Your reply must contain the full listing below, reproduced exactly, but no pictures.

Information.
Start of Block
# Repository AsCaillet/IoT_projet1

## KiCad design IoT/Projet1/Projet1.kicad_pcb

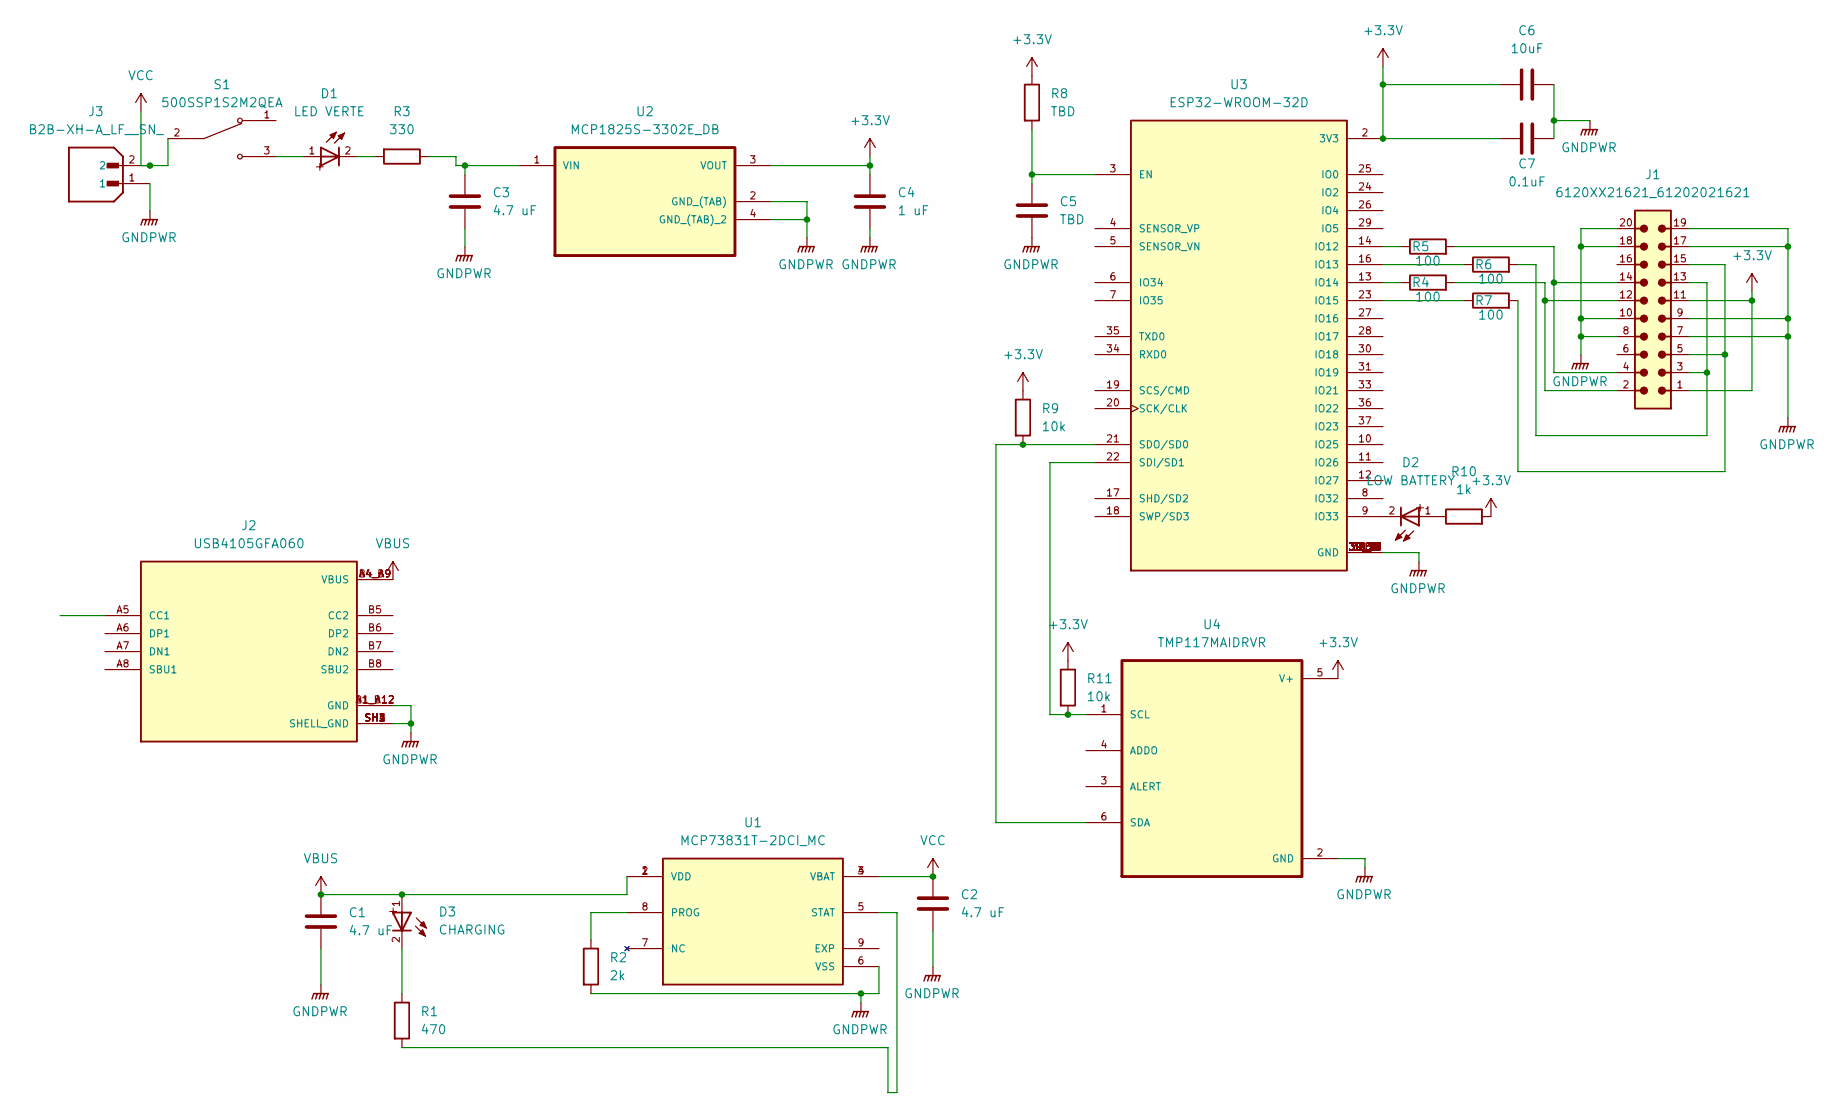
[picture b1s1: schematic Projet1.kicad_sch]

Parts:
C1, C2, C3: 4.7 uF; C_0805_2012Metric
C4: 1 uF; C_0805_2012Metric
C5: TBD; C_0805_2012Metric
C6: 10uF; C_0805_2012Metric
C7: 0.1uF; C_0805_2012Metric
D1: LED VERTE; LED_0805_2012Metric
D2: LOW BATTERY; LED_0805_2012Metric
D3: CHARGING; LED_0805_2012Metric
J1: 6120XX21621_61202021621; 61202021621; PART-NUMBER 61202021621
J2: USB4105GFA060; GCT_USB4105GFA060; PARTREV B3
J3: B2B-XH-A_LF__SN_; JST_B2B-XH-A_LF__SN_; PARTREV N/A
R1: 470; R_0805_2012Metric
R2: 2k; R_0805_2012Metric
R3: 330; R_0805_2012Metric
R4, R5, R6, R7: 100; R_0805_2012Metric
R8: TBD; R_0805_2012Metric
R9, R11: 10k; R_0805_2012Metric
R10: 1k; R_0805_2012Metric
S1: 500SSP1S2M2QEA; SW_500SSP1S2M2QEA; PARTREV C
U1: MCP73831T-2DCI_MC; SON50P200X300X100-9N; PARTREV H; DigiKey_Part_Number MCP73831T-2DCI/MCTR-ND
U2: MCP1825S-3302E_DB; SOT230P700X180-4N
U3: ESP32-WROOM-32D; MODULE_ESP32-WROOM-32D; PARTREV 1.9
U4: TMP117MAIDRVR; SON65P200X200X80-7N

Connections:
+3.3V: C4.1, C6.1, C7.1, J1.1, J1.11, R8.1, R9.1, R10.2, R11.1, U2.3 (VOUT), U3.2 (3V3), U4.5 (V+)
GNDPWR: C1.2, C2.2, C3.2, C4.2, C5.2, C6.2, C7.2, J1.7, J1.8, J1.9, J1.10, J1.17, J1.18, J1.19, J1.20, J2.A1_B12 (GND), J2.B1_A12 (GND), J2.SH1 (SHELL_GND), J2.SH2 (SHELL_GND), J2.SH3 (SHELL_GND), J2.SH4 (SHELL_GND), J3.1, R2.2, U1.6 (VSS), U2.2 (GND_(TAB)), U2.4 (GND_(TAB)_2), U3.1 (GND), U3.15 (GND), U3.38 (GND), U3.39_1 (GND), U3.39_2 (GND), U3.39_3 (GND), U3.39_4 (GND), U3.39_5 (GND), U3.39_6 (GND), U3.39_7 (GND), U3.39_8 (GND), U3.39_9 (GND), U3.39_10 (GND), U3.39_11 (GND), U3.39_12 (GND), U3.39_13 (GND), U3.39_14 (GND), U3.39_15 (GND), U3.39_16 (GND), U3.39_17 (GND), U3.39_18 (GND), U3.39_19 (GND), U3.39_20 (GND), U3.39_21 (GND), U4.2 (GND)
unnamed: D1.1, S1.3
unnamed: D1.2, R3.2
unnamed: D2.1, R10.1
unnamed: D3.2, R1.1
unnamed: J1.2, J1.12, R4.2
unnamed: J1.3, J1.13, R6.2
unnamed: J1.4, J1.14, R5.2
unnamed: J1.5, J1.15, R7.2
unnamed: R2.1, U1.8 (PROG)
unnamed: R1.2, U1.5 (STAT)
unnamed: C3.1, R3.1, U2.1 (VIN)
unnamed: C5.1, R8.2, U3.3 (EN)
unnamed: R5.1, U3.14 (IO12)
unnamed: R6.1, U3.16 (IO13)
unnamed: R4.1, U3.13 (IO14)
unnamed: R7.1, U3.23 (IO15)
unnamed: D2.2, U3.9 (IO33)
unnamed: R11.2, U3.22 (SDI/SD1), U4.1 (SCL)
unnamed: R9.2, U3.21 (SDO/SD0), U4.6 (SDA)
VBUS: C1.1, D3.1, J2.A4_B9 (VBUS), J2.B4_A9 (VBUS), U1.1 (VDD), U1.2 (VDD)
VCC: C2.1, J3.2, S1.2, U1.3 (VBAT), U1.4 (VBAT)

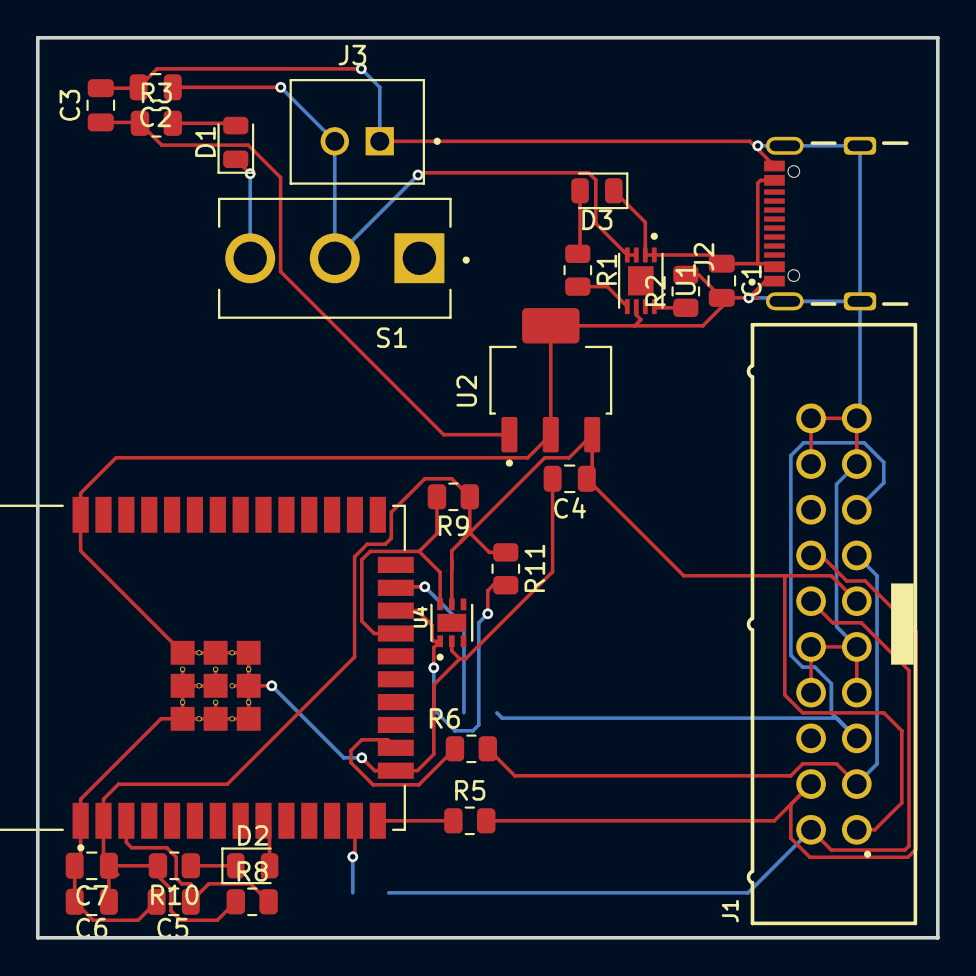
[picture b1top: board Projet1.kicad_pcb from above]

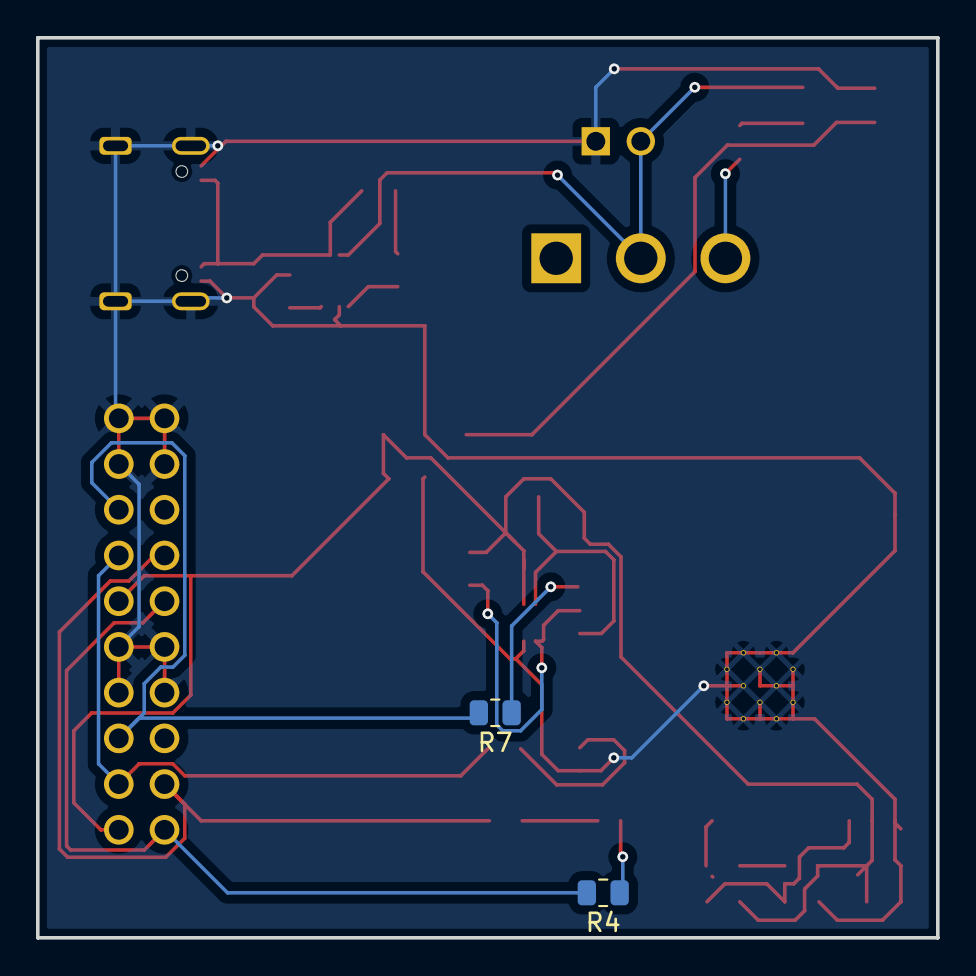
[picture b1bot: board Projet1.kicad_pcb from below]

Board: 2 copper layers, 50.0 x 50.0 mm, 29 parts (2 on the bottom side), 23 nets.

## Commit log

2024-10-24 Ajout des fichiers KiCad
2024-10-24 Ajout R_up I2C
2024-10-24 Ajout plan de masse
End of Block
Solved problem.
# Repository AsCaillet/IoT_projet1

## KiCad design IoT/Projet1/Projet1.kicad_pcb

[picture b1s1: schematic Projet1.kicad_sch]

Parts:
C1, C2, C3: 4.7 uF; C_0805_2012Metric
C4: 1 uF; C_0805_2012Metric
C5: TBD; C_0805_2012Metric
C6: 10uF; C_0805_2012Metric
C7: 0.1uF; C_0805_2012Metric
D1: LED VERTE; LED_0805_2012Metric
D2: LOW BATTERY; LED_0805_2012Metric
D3: CHARGING; LED_0805_2012Metric
J1: 6120XX21621_61202021621; 61202021621; PART-NUMBER 61202021621
J2: USB4105GFA060; GCT_USB4105GFA060; PARTREV B3
J3: B2B-XH-A_LF__SN_; JST_B2B-XH-A_LF__SN_; PARTREV N/A
R1: 470; R_0805_2012Metric
R2: 2k; R_0805_2012Metric
R3: 330; R_0805_2012Metric
R4, R5, R6, R7: 100; R_0805_2012Metric
R8: TBD; R_0805_2012Metric
R9, R11: 10k; R_0805_2012Metric
R10: 1k; R_0805_2012Metric
S1: 500SSP1S2M2QEA; SW_500SSP1S2M2QEA; PARTREV C
U1: MCP73831T-2DCI_MC; SON50P200X300X100-9N; PARTREV H; DigiKey_Part_Number MCP73831T-2DCI/MCTR-ND
U2: MCP1825S-3302E_DB; SOT230P700X180-4N
U3: ESP32-WROOM-32D; MODULE_ESP32-WROOM-32D; PARTREV 1.9
U4: TMP117MAIDRVR; SON65P200X200X80-7N

Connections:
+3.3V: C4.1, C6.1, C7.1, J1.1, J1.11, R8.1, R9.1, R10.2, R11.1, U2.3 (VOUT), U3.2 (3V3), U4.5 (V+)
GNDPWR: C1.2, C2.2, C3.2, C4.2, C5.2, C6.2, C7.2, J1.7, J1.8, J1.9, J1.10, J1.17, J1.18, J1.19, J1.20, J2.A1_B12 (GND), J2.B1_A12 (GND), J2.SH1 (SHELL_GND), J2.SH2 (SHELL_GND), J2.SH3 (SHELL_GND), J2.SH4 (SHELL_GND), J3.1, R2.2, U1.6 (VSS), U2.2 (GND_(TAB)), U2.4 (GND_(TAB)_2), U3.1 (GND), U3.15 (GND), U3.38 (GND), U3.39_1 (GND), U3.39_2 (GND), U3.39_3 (GND), U3.39_4 (GND), U3.39_5 (GND), U3.39_6 (GND), U3.39_7 (GND), U3.39_8 (GND), U3.39_9 (GND), U3.39_10 (GND), U3.39_11 (GND), U3.39_12 (GND), U3.39_13 (GND), U3.39_14 (GND), U3.39_15 (GND), U3.39_16 (GND), U3.39_17 (GND), U3.39_18 (GND), U3.39_19 (GND), U3.39_20 (GND), U3.39_21 (GND), U4.2 (GND)
unnamed: D1.1, S1.3
unnamed: D1.2, R3.2
unnamed: D2.1, R10.1
unnamed: D3.2, R1.1
unnamed: J1.2, J1.12, R4.2
unnamed: J1.3, J1.13, R6.2
unnamed: J1.4, J1.14, R5.2
unnamed: J1.5, J1.15, R7.2
unnamed: R2.1, U1.8 (PROG)
unnamed: R1.2, U1.5 (STAT)
unnamed: C3.1, R3.1, U2.1 (VIN)
unnamed: C5.1, R8.2, U3.3 (EN)
unnamed: R5.1, U3.14 (IO12)
unnamed: R6.1, U3.16 (IO13)
unnamed: R4.1, U3.13 (IO14)
unnamed: R7.1, U3.23 (IO15)
unnamed: D2.2, U3.9 (IO33)
unnamed: R11.2, U3.22 (SDI/SD1), U4.1 (SCL)
unnamed: R9.2, U3.21 (SDO/SD0), U4.6 (SDA)
VBUS: C1.1, D3.1, J2.A4_B9 (VBUS), J2.B4_A9 (VBUS), U1.1 (VDD), U1.2 (VDD)
VCC: C2.1, J3.2, S1.2, U1.3 (VBAT), U1.4 (VBAT)

[picture b1top: board Projet1.kicad_pcb from above]

[picture b1bot: board Projet1.kicad_pcb from below]

Board: 2 copper layers, 50.0 x 50.0 mm, 29 parts (2 on the bottom side), 23 nets.

## Commit log

2024-10-24 Ajout des fichiers KiCad
2024-10-24 Ajout R_up I2C
2024-10-24 Ajout plan de masse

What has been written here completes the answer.